Bagian 3: Perjanjian Pernikahan

1.5K 119 1
                                    

Malam ini aku melihat Kyara masih asyik dengan lembaran kertas, komputer lipat, dan hand phone-nya. Jarum jam telah menunjukkan pukul setengah sebelas malam. Tapi tak kulihat sedikit pun Kyara beranjak dari tempatnya setelah kami selesai makan malam tadi.

Aku sangat penasaran dengan apa yang dia lakukan di sana. Sudah hampir dua jam lebih Kyara terus diam tanpa berbicara sedikit pun denganku.

"Ra!" akhirnya aku memberanikan diri untuk memanggilnya.

"Ya, Lan?" sahut Kyara tanpa menoleh ke arahku.

Aku menjadi jengkel pada akhirnya, karena perempuan itu masih saja betah di tempat duduknya tanpa beranjak sama sekali.

"KYARA!" panggilku lagi lebih keras.

Kulihat pada akhirnya Kyara berdiri dari tempat duduknya dan berjalan ke arahku. Rambut panjangnya terurai jatuh menutupi punggung, Kyara terlihat sangat manis malam ini.

"Ada apa, Lan?" Kyara berdiri di dekat sofa yang aku duduki.

"Kamu sibuk banget, ya? Sampai aku harus memanggil kamu berulang kali?" aku meliriknya tajam.

"Besok sudah tanggal satu, Lan... Aku sedang menyusun time sheet anak-anak kafe, supaya besok mereka bisa menerima gaji tepat waktu. Kamu butuh apa? Kopi?"

Aku berdiri mendekati Kyara, "aku butuh kamu ngobrol sama aku. Di sini. Sekarang," tunjukku ke arah sofa.

"Nggak bisa, Lan..."

Aku menarik tangan Kyara, sehingga dia terpaksa duduk di sisiku, "kalau aku bilang duduk, ya duduk. Bagian mana yang kamu nggak mengerti?"

Kyara berusaha menjauhkan posisi duduknya dariku. Dengan cepat, aku segera menggeser posisi dudukku untuk mendekat padanya.

"Kamu kenapa sih, Lan?" tangannya menekan dadaku, berusaha untuk membuat aku tidak lagi semakin mendekat ke arahnya.

Tanpa banyak pertimbangan, aku segera menggenggam tangan Kyara yang menempel di dadaku itu. Tentu saja istriku itu dengan cepat berusaha melepaskan tangannya dari genggamanku.

"Ra, aku ini suami kamu lho... Masa kamu nggak kasih ijin aku untuk memegang tangan kamu?" aku menatap Kyara sambil tersenyum nakal.

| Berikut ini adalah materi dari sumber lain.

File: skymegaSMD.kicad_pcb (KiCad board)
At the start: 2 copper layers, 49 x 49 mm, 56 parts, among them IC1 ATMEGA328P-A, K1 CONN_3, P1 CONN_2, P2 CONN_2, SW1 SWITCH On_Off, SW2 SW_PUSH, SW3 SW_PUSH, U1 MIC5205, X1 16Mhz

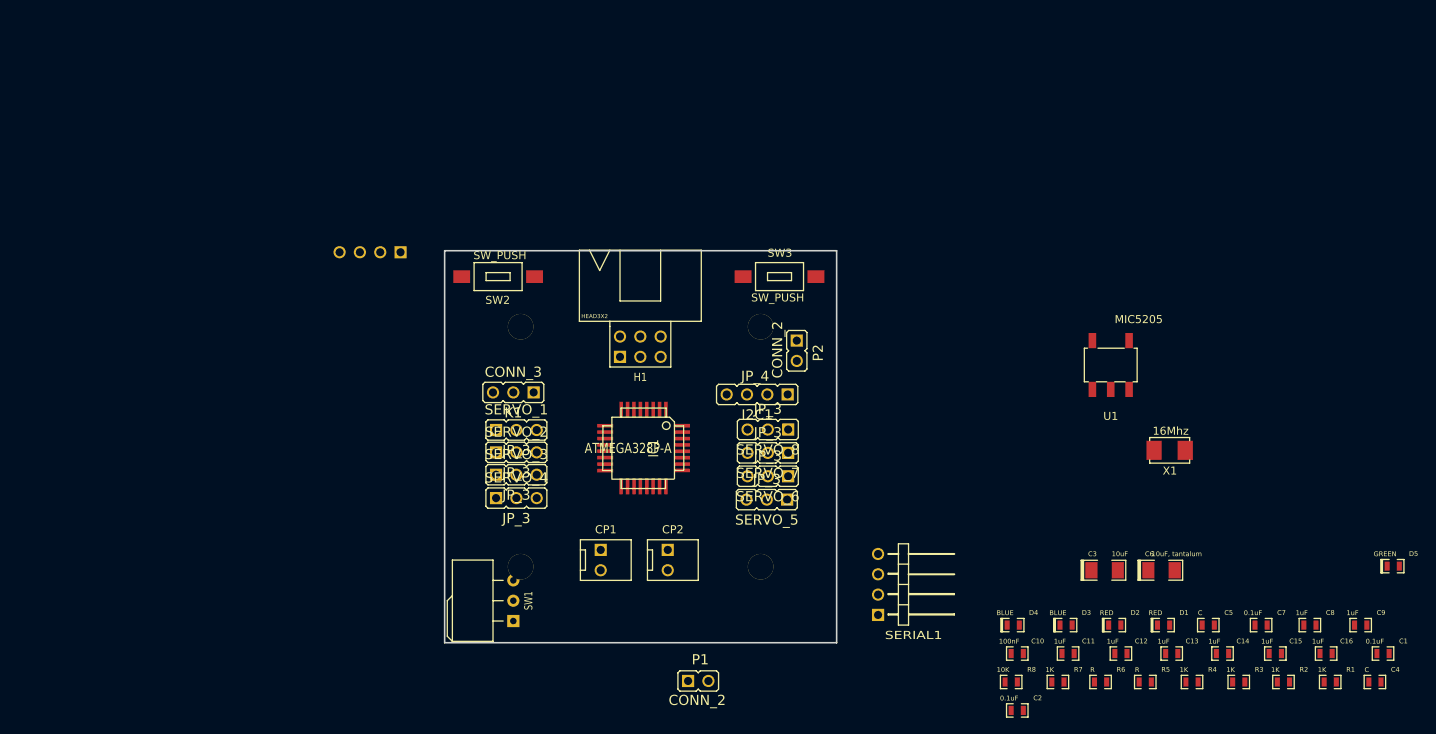
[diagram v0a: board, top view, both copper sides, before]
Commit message: All components placed, capacitors bug solved.
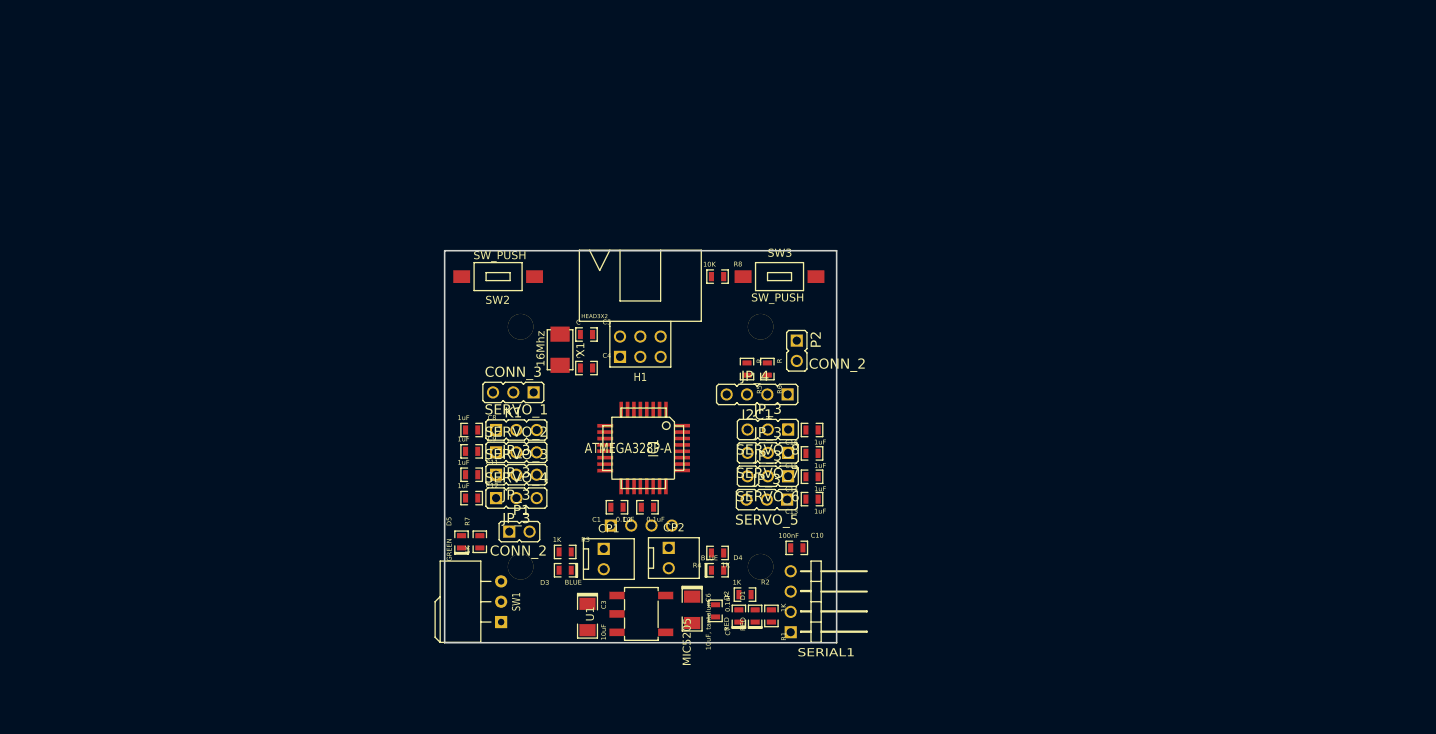
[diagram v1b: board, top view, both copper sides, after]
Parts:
- moved D5 116.5 mm to (175.9, 148.1), turned to 90 degrees
- moved C9 113.2 mm to (177.2, 136.8)
- moved C8 107.6 mm to (177.2, 134.1)
- moved C4 106.1 mm to (191.5, 126.4)
- moved C1 97.5 mm to (195.3, 143.8), turned to 180 degrees
- moved C5 85.8 mm to (191.5, 122.2)
- moved R3 85.8 mm to (188.8, 149.4)
- moved C12 83.4 mm to (177.2, 142.6)
- moved C11 77.8 mm to (177.2, 139.7)
- moved X1 77.2 mm to (188.2, 124.1), turned to 90 degrees
- moved R7 74.4 mm to (178.2, 148.1), turned to 90 degrees
- moved R1 70.3 mm to (214.6, 157.4), turned to 270 degrees
- moved C16 70.1 mm to (219.7, 134.1), turned to 180 degrees
- moved C7 68.2 mm to (207.6, 156.7), turned to 270 degrees
- moved R2 68.2 mm to (211.3, 154.7)
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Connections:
- C13 pad 1: GND -> /Vin
- C14 pad 1: GND -> /Vin
- C8 pad 1: GND -> /Vin
- C9 pad 1: GND -> /Vin

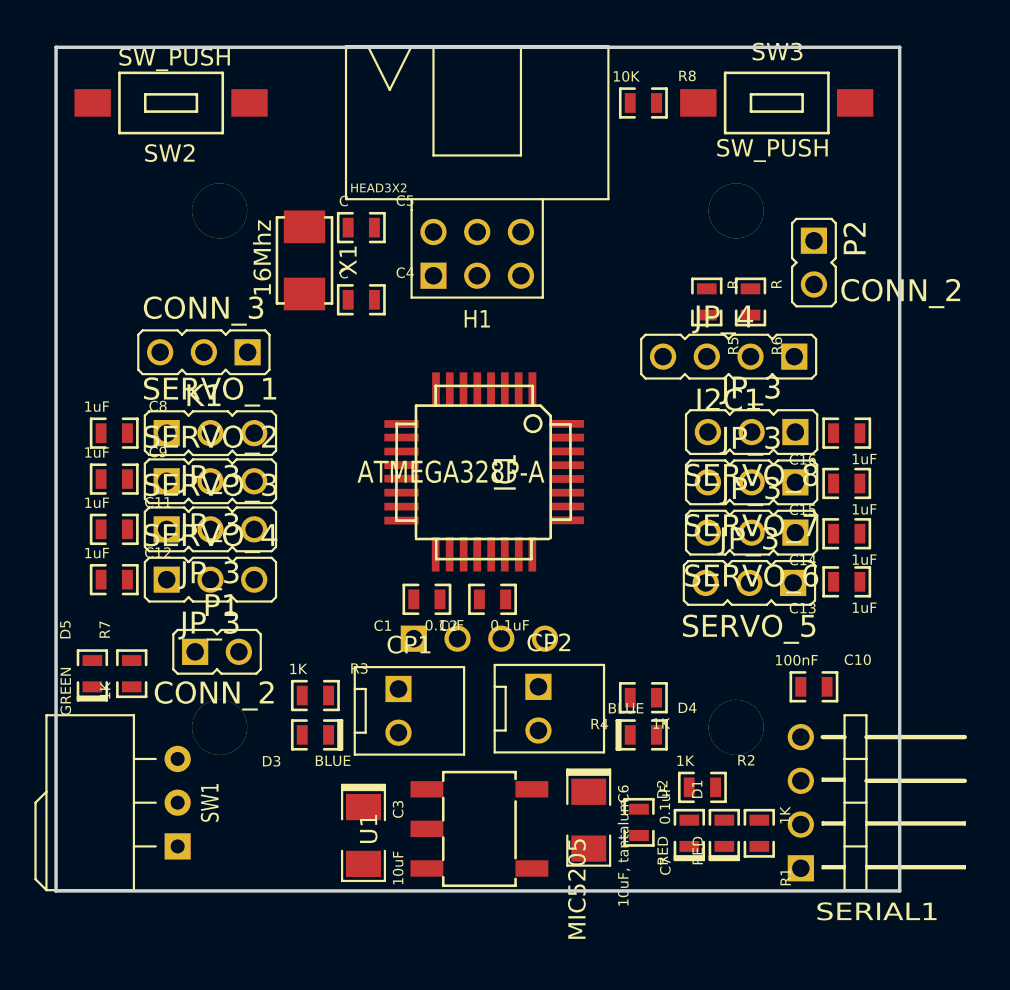
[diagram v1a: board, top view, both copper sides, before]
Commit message: More things routed.
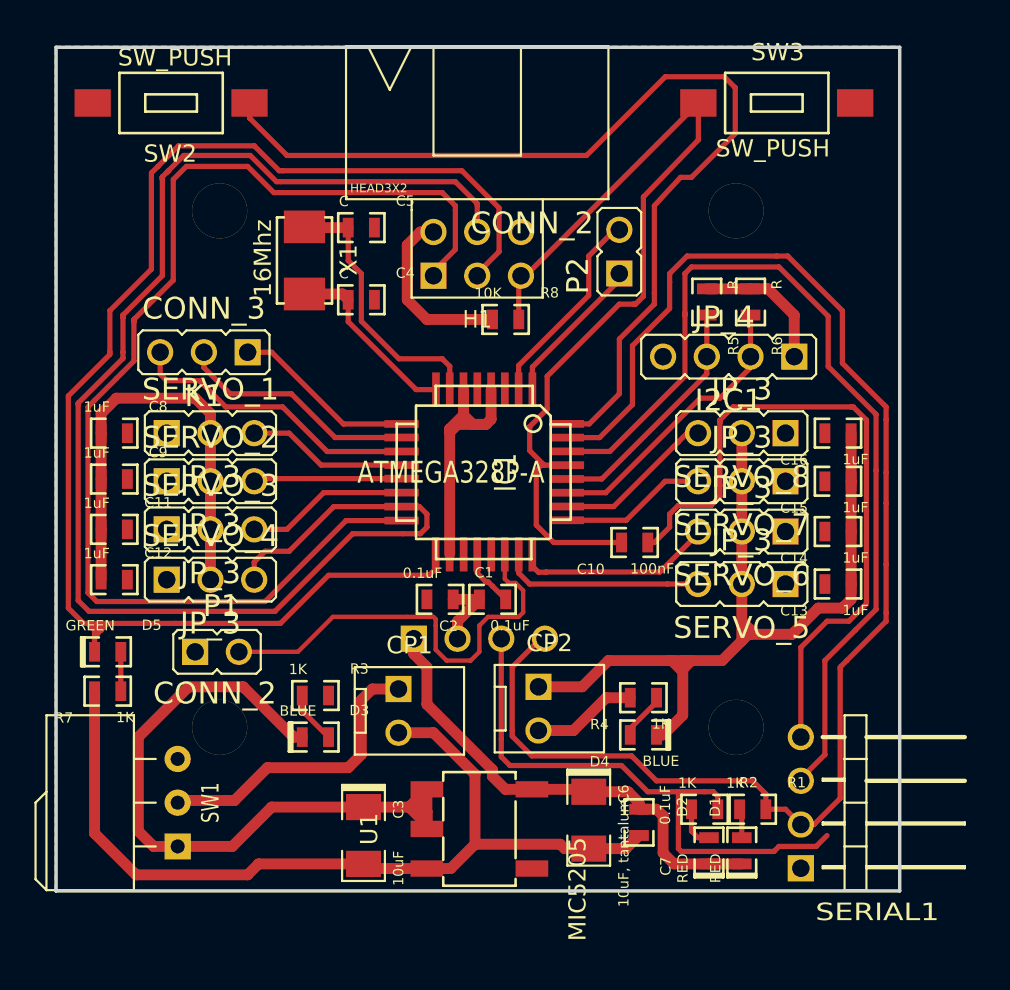
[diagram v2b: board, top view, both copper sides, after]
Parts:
- moved R8 14.9 mm to (199.9, 127.5)
- moved C10 13.4 mm to (207.4, 140.5), turned to 180 degrees
- moved P2 11.5 mm to (206.5, 124.8), turned to 90 degrees
- moved R7 1.73 mm to (176.8, 149.1), turned to 180 degrees
- moved D5 1.55 mm to (176.8, 146.8), turned to 0 degrees
- moved D2 1.53 mm to (211.7, 158.4)
- moved R1 1.45 mm to (214.2, 156.0), turned to 0 degrees
- moved D1 1.44 mm to (213.6, 158.4)
- moved R2 1.28 mm to (211.5, 156.0)
- moved C1 0.76 mm to (196.1, 143.8), turned to 0 degrees
- moved SERVO_6 0.58 mm to (216.2, 139.8)
- moved SERVO_7 0.58 mm to (216.2, 136.9)
- moved SERVO_8 0.58 mm to (216.2, 134.1)
- moved C13 0.52 mm to (219.2, 142.9)
- moved C14 0.52 mm to (219.2, 139.8)
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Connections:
- C13 pad 1: /Vin -> /SERVO_PWR_2
- C14 pad 1: /Vin -> /SERVO_PWR_2
- C15 pad 1: /Vin -> /SERVO_PWR_2
- C16 pad 1: /Vin -> /SERVO_PWR_2
- SERVO_5 pad 2: /Vin -> /SERVO_PWR_2
- SERVO_6 pad 2: /Vin -> /SERVO_PWR_2
- SERVO_7 pad 2: /Vin -> /SERVO_PWR_2
- SERVO_8 pad 2: /Vin -> /SERVO_PWR_2
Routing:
- net /RX: track 0.00 -> 87.9 mm
- net /D11: track 0.00 -> 85.0 mm
- net /TX: track 0.00 -> 84.3 mm
- net /D13: track 0.00 -> 82.6 mm
- net /D12: track 0.00 -> 68.9 mm
- net /Vin: track 0.00 -> 68.2 mm
- net VCC: track 0.00 -> 62.3 mm
- net GND: track 0.00 -> 62.2 mm
- net /D2: track 0.00 -> 56.8 mm
- net /RESET: track 0.00 -> 53.5 mm
- net /SERVO_PWR_2: track 0.00 -> 50.1 mm
- net /DTR: track 0.00 -> 40.2 mm
- net /A7: track 0.00 -> 25.5 mm
- net N-000006: track 0.00 -> 17.4 mm
- net /D7: track 0.00 -> 17.2 mm
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- added copper zone on B.Cu, net GND
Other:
- net class Power added: clearance 0.254, trace_width 0.635, via_dia 0.889, via_drill 0.635
- net class Thick added: clearance 0.254, trace_width 0.3048, via_dia 0.889, via_drill 0.635

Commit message: Only a line left.
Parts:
- moved C1 4.18 mm to (192.2, 145.2), turned to 90 degrees
- moved R8 1.91 mm to (198.0, 127.5)
- moved P1 0.51 mm to (181.9, 147.3)
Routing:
- net GND: track 62.2 -> 235.0 mm
- net VCC: track 62.3 -> 129.4 mm, vias 0 -> 1
- net /A6: track 0.00 -> 19.1 mm
- net /Vin: track 68.2 -> 83.0 mm, vias 0 -> 2
- net /D2: track 56.8 -> 53.8 mm
- net /D13: track 82.6 -> 81.5 mm
- net /RESET: track 53.5 -> 54.5 mm
- net /D12: track 68.9 -> 70.0 mm
- net /D11: track 85.0 -> 86.0 mm

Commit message: Production PCB
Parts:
- added G***: OSHW-logo, OSHW-logo, F.Cu at (125.6, 93.2)
- added G***: LOGO, LOGO_15x15, B.Cu at (145.9, 105.5)
- C6: value 10uF, tantalum -> 10uF
- moved C10 62.0 mm to (152.4, 111.8)
- moved D3 60.2 mm to (136.3, 122.4)
- moved R3 60.2 mm to (136.3, 120.0)
- moved C1 59.9 mm to (139.8, 116.0)
- moved C13 59.9 mm to (166.9, 113.7)
- moved C14 59.9 mm to (166.9, 110.6)
- moved C16 59.9 mm to (166.9, 104.9)
- moved C7 59.9 mm to (155.3, 127.5)
- moved CP1 59.9 mm to (141.4, 119.8)
- moved D1 59.9 mm to (161.3, 129.2)
- moved D2 59.9 mm to (159.4, 129.2)
- moved D4 59.9 mm to (155.6, 122.4)
- moved I2C 59.9 mm to (164.3, 100.5)
- moved K1 59.9 mm to (132.6, 100.2)
- moved P1 59.9 mm to (129.5, 118.1)
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- renumbered I2C1 to I2C
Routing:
- net GND: track 235.0 -> 214.4 mm
- net /RESET: track 54.5 -> 52.1 mm
- net /DTR: track 40.2 -> 42.0 mm
- net /RX: track 87.9 -> 89.6 mm, vias 0 -> 1
- net /Vin: track 83.0 -> 84.7 mm
- net N-0000034: track 10.7 -> 11.2 mm
- added copper zone on F.Cu, net GND
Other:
- outline, holes or cut-outs redrawn
- rule trace_min: 0.254 -> 0.1524
- board text added: "(SCL)A5"
- board text added: "+ Vin -"
- board text added: "+ Vout -"
- board text added: "A0"
- board text added: "A1"
- board text added: "A2"
- board text added: "A3"
- board text added: "A4"
- board text added: "A4(SDA)"
- board text added: "A5"
- board text added: "A6"
- board text added: "A7"
- board text added: "Based on Skymega Board"
- board text added: "CTRL"
- board text added: "D10"
- board text added: "D11"
- board text added: "D12"
- board text added: "D13"
- board text added: "D4"
- board text added: "D5"
- board text added: "D6"
- board text added: "D7"
- board text added: "D8"
- board text added: "D9"
- board text added: "DTR"
- board text added: "Designed by: David Estevez Fernandez"
- board text added: "GND"
- board text added: "GPLv3"
- board text added: "RESET"
- board text added: "RST"
- board text added: "Rx"
- board text added: "SERVO 1"
- board text added: "SERVO 2"
- board text added: "SERVO 3"
- board text added: "SERVO 4"
- board text added: "SERVO5"
- board text added: "SERVO6"
- board text added: "SERVO7"
- board text added: "SERVO8"
- board text added: "SkymegaSMD v1.0 (beta)"
- board text added: "Tx"
- board text added: "USER (D2)"
- board text added: "USER LED"
- board text added: "VCC"
- board text added: "VCC1"
- board text added: "VCC2"
- board text added: "Vin"
- board text added: "www.dsquaredrobotics.com/wiki/doku.php?id=en:repy-2.0"

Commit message: Version presented on thesis.
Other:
- rule pad_to_mask_clearance: 0 -> 0.1
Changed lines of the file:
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@@
     (pad_size 1 1)
     (pad_drill 0.6)
-    (pad_to_mask_clearance 0)
+    (pad_to_mask_clearance 0.1)
+    (solder_mask_min_width 0.1)
     (aux_axis_origin 0 0)
     (visible_elements 7FFFFBBF)
     (pcbplotparams
-      (layerselection 3178497)
+      (layerselection 284196865)
       (usegerberextensions true)
-      (excludeedgelayer true)
-      (linewidth 150000)
+      (excludeedgelayer false)
+      (linewidth 20000)
       (plotframeref false)
       (viasonmask false)
@@
       (plotinvisibletext false)
       (padsonsilk false)
-      (subtractmaskfromsilk false)
+      (subtractmaskfromsilk true)
       (outputformat 1)
       (mirror false)
-      (drillshape 1)
+      (drillshape 0)
       (scaleselection 1)
-      (outputdirectory ""))
+      (outputdirectory Gerbers/))
   )
   (net 0 "")

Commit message: Some bugs solved.
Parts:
- C6: value 10uF -> 10uF, tantalum
- U1: footprint hebi_SOT-223-5 -> hebi_power-SOT-23-5
- moved X1 5.97 mm to (138.8, 100.1), turned to 0 degrees
- moved C5 4.02 mm to (140.5, 96.8), turned to 90 degrees
- moved C6 2.79 mm to (149.6, 127.4)
- moved C7 2.79 mm to (152.5, 127.5)
- moved C3 2.45 mm to (141.6, 127.4)
- moved C4 2.32 mm to (136.9, 96.8), turned to 90 degrees
- moved U1 1.17 mm to (145.3, 127.0)
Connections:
- SW1 pad 3: N-0000036 -> (no net)
- U1 pad 4: N-0000038 -> (no net)
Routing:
- net VCC: track 129.0 -> 120.9 mm
- net N-0000035: track 15.9 -> 7.90 mm
- net /D12: track 70.0 -> 64.4 mm
- net /D11: track 86.0 -> 80.5 mm
- net /D13: track 81.5 -> 76.7 mm
- net /Vin: track 84.7 -> 81.2 mm
- net GND: track 214.4 -> 212.6 mm, vias 0 -> 1
- net /D5: track 10.7 -> 11.2 mm
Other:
- board text added: "+"
- board text added: "-"
- board text removed: "+ Vin -"
- board text removed: "+ Vout -"

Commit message: Edited silkscreen.
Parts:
- moved D1 2.80 mm to (158.5, 129.0), turned to 0 degrees
- moved R2 2.68 mm to (161.8, 127.0)
- moved D2 2.33 mm to (158.5, 127.0), turned to 0 degrees
- moved R1 2.29 mm to (161.8, 129.0)
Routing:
- net /RX: track 89.8 -> 80.9 mm, vias 1 -> 0
- net /TX: track 84.5 -> 87.0 mm, vias 0 -> 1
- net VCC: track 120.9 -> 118.9 mm
- net N-000001: track 2.44 -> 1.78 mm
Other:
- board text added: "More info: www.dsquaredrobotics.com/wiki"
- board text added: "RX"
- board text added: "SERVO 5"
- board text added: "SERVO 6"
- board text added: "SERVO 7"
- board text added: "SERVO 8"
- board text added: "SkymegaSMD v1.1"
- board text added: "TX"
- board text removed: "SERVO5"
- board text removed: "SERVO6"
- board text removed: "SERVO7"
- board text removed: "SERVO8"
- board text removed: "SkymegaSMD v1.0 (beta)"
- board text removed: "www.dsquaredrobotics.com/wiki/doku.php?id=en:repy-2.0"

Spontan, Kyara beranjak berdiri. Tapi tentu saja posisi kami membuat aku justru lebih gampang untuk menariknya kembali duduk, kali ini di pangkuanku.

"Lan, aku masih punya banyak kerjaan. Ini sudah malam, besok aku harus bangun pagi-pagi sekali untuk menyiapkan keperluan kamu dan membereskan rumah," Kyara terus berusaha bangkit dari pangkuanku.

Dengan cepat aku melingkarkan tanganku di pinggangnya agar dia tidak bisa pergi ke mana-mana, kemudian memainkan rambut panjangnya. Kali ini mataku ingin menikmati setiap jengkal dari tubuh perempuan ini. Kyara tidak bisa dikatakan sebagai perempuan yang jelek, bahkan dia adalah seorang perempuan yang cantik. Rambutnya yang panjang, kulit sawo matangnya yang bersih, hidungnya yang mancung, matanya yang berbinar, dan bibir penuhnya yang menjadi favoritku. Kadang, aku merasa bahwa aku jatuh cinta dengan perempuan ini.

"Besok nggak usah masak. Kita makan di kafe kamu. Kamu berangkat ke kafe jam berapa?"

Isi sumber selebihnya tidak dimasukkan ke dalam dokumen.